How CVI Is Diagnosed: Assessment Methods & What to Expect
When a parent suspects something is different about the way their child sees the world, getting the right cortical visual impairment diagnosis requires knowing exactly where to look — and who to ask. That is not always straightforward. CVI is still widely underdiagnosed, and the standard eye exam that most children receive is not designed to find it. Many families spend months, sometimes years, seeking answers before reaching a specialist who can accurately assess what is happening in their child’s brain.
This guide is for parents navigating that process. It explains what CVI diagnosis actually involves, which specialists are equipped to evaluate it, what the key assessment tools look like, and how to prepare so that every appointment moves your child forward. If you are not yet familiar with what CVI is or how it presents, start with our CVI overview before reading this guide.
Why CVI Is Often Missed or Misdiagnosed
Understanding why CVI goes undetected so often is not just interesting background information — it is the key to knowing how to advocate effectively for your child. There are three main reasons CVI is frequently missed.
Standard eye exams test the eyes, not the brain. A routine pediatric vision screening checks whether the eyes can see clearly and whether they are structurally healthy. It does not evaluate the visual cortex — the part of the brain that processes visual information. A child with CVI can have perfectly healthy eyes and pass a standard exam with no flags. This is not a failure of the exam; it is simply not designed to detect brain-based visual processing differences.
CVI symptoms overlap with other conditions. Visual inattention, difficulty with complex environments, and inconsistent visual responses can look like attention problems, autism spectrum differences, developmental delay, or behavioral issues. Providers who are not familiar with CVI may pursue evaluations for other conditions before vision processing is considered.
CVI awareness varies among providers. Despite being one of the leading causes of pediatric visual impairment in developed countries, CVI is not yet a standard part of all pediatric ophthalmology training. Many ophthalmologists are not routinely screening for it, and many families are not told to ask about it. As a result, the average time from first parental concern to CVI diagnosis can be a year or longer.
If you suspect CVI, you may need to specifically request a CVI-focused evaluation. You have every right to do so.
Who Diagnoses CVI?
A complete CVI evaluation typically involves more than one specialist. Each brings a different lens to the diagnosis — medical, neurological, and functional. In practice, you may not see all three specialists in sequence, and sometimes a single experienced TVI is the first professional to correctly identify CVI behaviors. Here is what each role contributes.

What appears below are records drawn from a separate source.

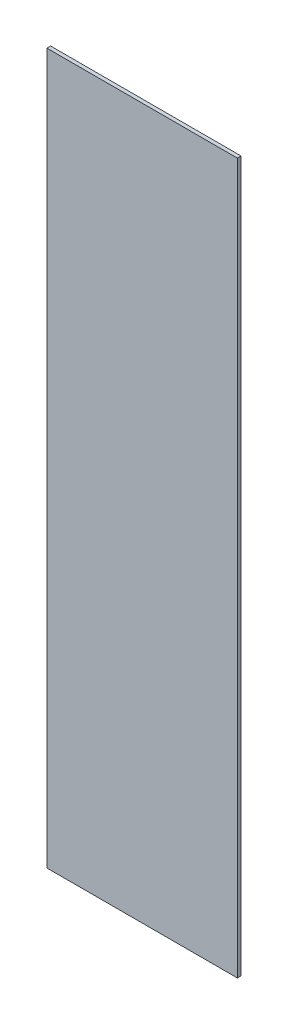
ISO-10303-21;
HEADER;
FILE_DESCRIPTION(('STEP AP214'),'2;1');
FILE_NAME('part.step','',(''),(''),'','','');
FILE_SCHEMA(('AUTOMOTIVE_DESIGN { 1 0 10303 214 1 1 1 1 }'));
ENDSEC;
DATA;
#1=APPLICATION_CONTEXT('core data for automotive mechanical design processes');
#2=APPLICATION_PROTOCOL_DEFINITION('international standard','automotive_design',2000,#1);
#3=PRODUCT_CONTEXT('',#1,'mechanical');
#4=PRODUCT('Part','Part','',(#3));
#5=PRODUCT_RELATED_PRODUCT_CATEGORY('part','',(#4));
#6=PRODUCT_DEFINITION_FORMATION('','',#4);
#7=PRODUCT_DEFINITION_CONTEXT('part definition',#1,'design');
#8=PRODUCT_DEFINITION('design','',#6,#7);
#9=PRODUCT_DEFINITION_SHAPE('','',#8);
#10=(LENGTH_UNIT() NAMED_UNIT(*) SI_UNIT(.MILLI.,.METRE.));
#11=(NAMED_UNIT(*) PLANE_ANGLE_UNIT() SI_UNIT($,.RADIAN.));
#12=(NAMED_UNIT(*) SI_UNIT($,.STERADIAN.) SOLID_ANGLE_UNIT());
#13=UNCERTAINTY_MEASURE_WITH_UNIT(LENGTH_MEASURE(1.E-05),#10,'distance_accuracy_value','');
#14=(GEOMETRIC_REPRESENTATION_CONTEXT(3) GLOBAL_UNCERTAINTY_ASSIGNED_CONTEXT((#13)) GLOBAL_UNIT_ASSIGNED_CONTEXT((#10,
#11,#12)) REPRESENTATION_CONTEXT('',''));
#15=CARTESIAN_POINT('',(0.,0.,0.));
#16=DIRECTION('',(0.,0.,1.));
#17=DIRECTION('',(1.,0.,0.));
#18=AXIS2_PLACEMENT_3D('',#15,#16,#17);
#19=CARTESIAN_POINT('',(378.581094864544,-1809.24068779773,6.35));
#20=DIRECTION('',(1.,0.,0.));
#21=DIRECTION('',(0.,0.,-1.));
#22=AXIS2_PLACEMENT_3D('',#19,#20,#21);
#23=PLANE('',#22);
#24=DIRECTION('',(0.,-1.,0.));
#25=VECTOR('',#24,1.);
#26=CARTESIAN_POINT('',(378.581094864544,-1809.24068779773,0.));
#27=LINE('',#26,#25);
#28=CARTESIAN_POINT('',(378.581094864544,-590.040687797731,0.));
#29=VERTEX_POINT('',#28);
#30=CARTESIAN_POINT('',(378.581094864544,-1809.24068779773,0.));
#31=VERTEX_POINT('',#30);
#32=EDGE_CURVE('E99',#29,#31,#27,.T.);
#33=ORIENTED_EDGE('',*,*,#32,.T.);
#34=DIRECTION('',(0.,0.,-1.));
#35=VECTOR('',#34,1.);
#36=CARTESIAN_POINT('',(378.581094864544,-1809.24068779773,6.35));
#37=LINE('',#36,#35);
#38=CARTESIAN_POINT('',(378.581094864544,-1809.24068779773,6.35));
#39=VERTEX_POINT('',#38);
#40=EDGE_CURVE('E11',#39,#31,#37,.T.);
#41=ORIENTED_EDGE('',*,*,#40,.F.);
#42=DIRECTION('',(0.,-1.,0.));
#43=VECTOR('',#42,1.);
#44=CARTESIAN_POINT('',(378.581094864544,-1809.24068779773,6.35));
#45=LINE('',#44,#43);
#46=CARTESIAN_POINT('',(378.581094864544,-590.040687797731,6.35));
#47=VERTEX_POINT('',#46);
#48=EDGE_CURVE('E87',#47,#39,#45,.T.);
#49=ORIENTED_EDGE('',*,*,#48,.F.);
#50=DIRECTION('',(0.,0.,-1.));
#51=VECTOR('',#50,1.);
#52=CARTESIAN_POINT('',(378.581094864544,-590.040687797731,6.35));
#53=LINE('',#52,#51);
#54=EDGE_CURVE('E95',#47,#29,#53,.T.);
#55=ORIENTED_EDGE('',*,*,#54,.T.);
#56=EDGE_LOOP('',(#33,#41,#49,#55));
#57=FACE_BOUND('',#56,.T.);
#58=ADVANCED_FACE('F36',(#57),#23,.F.);
#59=CARTESIAN_POINT('',(378.581094864544,-1809.24068779773,6.35));
#60=DIRECTION('',(0.,1.,0.));
#61=DIRECTION('',(0.,0.,1.));
#62=AXIS2_PLACEMENT_3D('',#59,#60,#61);
#63=PLANE('',#62);
#64=DIRECTION('',(1.,0.,0.));
#65=VECTOR('',#64,1.);
#66=CARTESIAN_POINT('',(378.581094864544,-1809.24068779773,0.));
#67=LINE('',#66,#65);
#68=CARTESIAN_POINT('',(705.606094864544,-1809.24068779773,0.));
#69=VERTEX_POINT('',#68);
#70=EDGE_CURVE('E91',#31,#69,#67,.T.);
#71=ORIENTED_EDGE('',*,*,#70,.T.);
#72=DIRECTION('',(0.,0.,-1.));
#73=VECTOR('',#72,1.);
#74=CARTESIAN_POINT('',(705.606094864544,-1809.24068779773,6.35));
#75=LINE('',#74,#73);
#76=CARTESIAN_POINT('',(705.606094864544,-1809.24068779773,6.35));
#77=VERTEX_POINT('',#76);
#78=EDGE_CURVE('E44',#77,#69,#75,.T.);
#79=ORIENTED_EDGE('',*,*,#78,.F.);
#80=DIRECTION('',(1.,0.,0.));
#81=VECTOR('',#80,1.);
#82=CARTESIAN_POINT('',(378.581094864544,-1809.24068779773,6.35));
#83=LINE('',#82,#81);
#84=EDGE_CURVE('E82',#39,#77,#83,.T.);
#85=ORIENTED_EDGE('',*,*,#84,.F.);
#86=ORIENTED_EDGE('',*,*,#40,.T.);
#87=EDGE_LOOP('',(#71,#79,#85,#86));
#88=FACE_BOUND('',#87,.T.);
#89=ADVANCED_FACE('F90',(#88),#63,.F.);
#90=CARTESIAN_POINT('',(705.606094864544,-1809.24068779773,6.35));
#91=DIRECTION('',(-1.,0.,0.));
#92=DIRECTION('',(0.,-1.,0.));
#93=AXIS2_PLACEMENT_3D('',#90,#91,#92);
#94=PLANE('',#93);
#95=DIRECTION('',(0.,1.,0.));
#96=VECTOR('',#95,1.);
#97=CARTESIAN_POINT('',(705.606094864544,-1809.24068779773,0.));
#98=LINE('',#97,#96);
#99=CARTESIAN_POINT('',(705.606094864544,-590.040687797731,0.));
#100=VERTEX_POINT('',#99);
#101=EDGE_CURVE('E69',#69,#100,#98,.T.);
#102=ORIENTED_EDGE('',*,*,#101,.T.);
#103=DIRECTION('',(0.,0.,-1.));
#104=VECTOR('',#103,1.);
#105=CARTESIAN_POINT('',(705.606094864544,-590.040687797731,6.35));
#106=LINE('',#105,#104);
#107=CARTESIAN_POINT('',(705.606094864544,-590.040687797731,6.35));
#108=VERTEX_POINT('',#107);
#109=EDGE_CURVE('E92',#108,#100,#106,.T.);
#110=ORIENTED_EDGE('',*,*,#109,.F.);
#111=DIRECTION('',(0.,1.,0.));
#112=VECTOR('',#111,1.);
#113=CARTESIAN_POINT('',(705.606094864544,-1809.24068779773,6.35));
#114=LINE('',#113,#112);
#115=EDGE_CURVE('E85',#77,#108,#114,.T.);
#116=ORIENTED_EDGE('',*,*,#115,.F.);
#117=ORIENTED_EDGE('',*,*,#78,.T.);
#118=EDGE_LOOP('',(#102,#110,#116,#117));
#119=FACE_BOUND('',#118,.T.);
#120=ADVANCED_FACE('F93',(#119),#94,.F.);
#121=CARTESIAN_POINT('',(378.581094864544,-590.040687797731,6.35));
#122=DIRECTION('',(0.,-1.,0.));
#123=DIRECTION('',(0.,0.,-1.));
#124=AXIS2_PLACEMENT_3D('',#121,#122,#123);
#125=PLANE('',#124);
#126=DIRECTION('',(-1.,0.,0.));
#127=VECTOR('',#126,1.);
#128=CARTESIAN_POINT('',(378.581094864544,-590.040687797731,0.));
#129=LINE('',#128,#127);
#130=EDGE_CURVE('E75',#100,#29,#129,.T.);
#131=ORIENTED_EDGE('',*,*,#130,.T.);
#132=ORIENTED_EDGE('',*,*,#54,.F.);
#133=DIRECTION('',(-1.,0.,0.));
#134=VECTOR('',#133,1.);
#135=CARTESIAN_POINT('',(378.581094864544,-590.040687797731,6.35));
#136=LINE('',#135,#134);
#137=EDGE_CURVE('E52',#108,#47,#136,.T.);
#138=ORIENTED_EDGE('',*,*,#137,.F.);
#139=ORIENTED_EDGE('',*,*,#109,.T.);
#140=EDGE_LOOP('',(#131,#132,#138,#139));
#141=FACE_BOUND('',#140,.T.);
#142=ADVANCED_FACE('F106',(#141),#125,.F.);
#143=CARTESIAN_POINT('',(0.,0.,6.35));
#144=DIRECTION('',(0.,0.,-1.));
#145=DIRECTION('',(-1.,0.,0.));
#146=AXIS2_PLACEMENT_3D('',#143,#144,#145);
#147=PLANE('',#146);
#148=ORIENTED_EDGE('',*,*,#48,.T.);
#149=ORIENTED_EDGE('',*,*,#84,.T.);
#150=ORIENTED_EDGE('',*,*,#115,.T.);
#151=ORIENTED_EDGE('',*,*,#137,.T.);
#152=EDGE_LOOP('',(#148,#149,#150,#151));
#153=FACE_BOUND('',#152,.T.);
#154=ADVANCED_FACE('F83',(#153),#147,.F.);
#155=CARTESIAN_POINT('',(0.,0.,0.));
#156=DIRECTION('',(0.,0.,-1.));
#157=DIRECTION('',(-1.,0.,0.));
#158=AXIS2_PLACEMENT_3D('',#155,#156,#157);
#159=PLANE('',#158);
#160=ORIENTED_EDGE('',*,*,#32,.F.);
#161=ORIENTED_EDGE('',*,*,#130,.F.);
#162=ORIENTED_EDGE('',*,*,#101,.F.);
#163=ORIENTED_EDGE('',*,*,#70,.F.);
#164=EDGE_LOOP('',(#160,#161,#162,#163));
#165=FACE_BOUND('',#164,.T.);
#166=ADVANCED_FACE('F109',(#165),#159,.T.);
#167=CLOSED_SHELL('',(#58,#89,#120,#142,#154,#166));
#168=MANIFOLD_SOLID_BREP('B2',#167);
#169=ADVANCED_BREP_SHAPE_REPRESENTATION('',(#18,#168),#14);
#170=SHAPE_DEFINITION_REPRESENTATION(#9,#169);
ENDSEC;
END-ISO-10303-21;

Pediatric Ophthalmologist or Neuro-Ophthalmologist
An ophthalmologist’s primary role in CVI evaluation is to rule out eye-based causes for the visual behaviors you are observing. If your child’s optic nerve, retina, or eye structures show damage, that is a different diagnosis pathway. An ophthalmologist may also identify CVI indicators — such as a visually inattentive child with structurally healthy eyes — and order brain imaging to investigate further.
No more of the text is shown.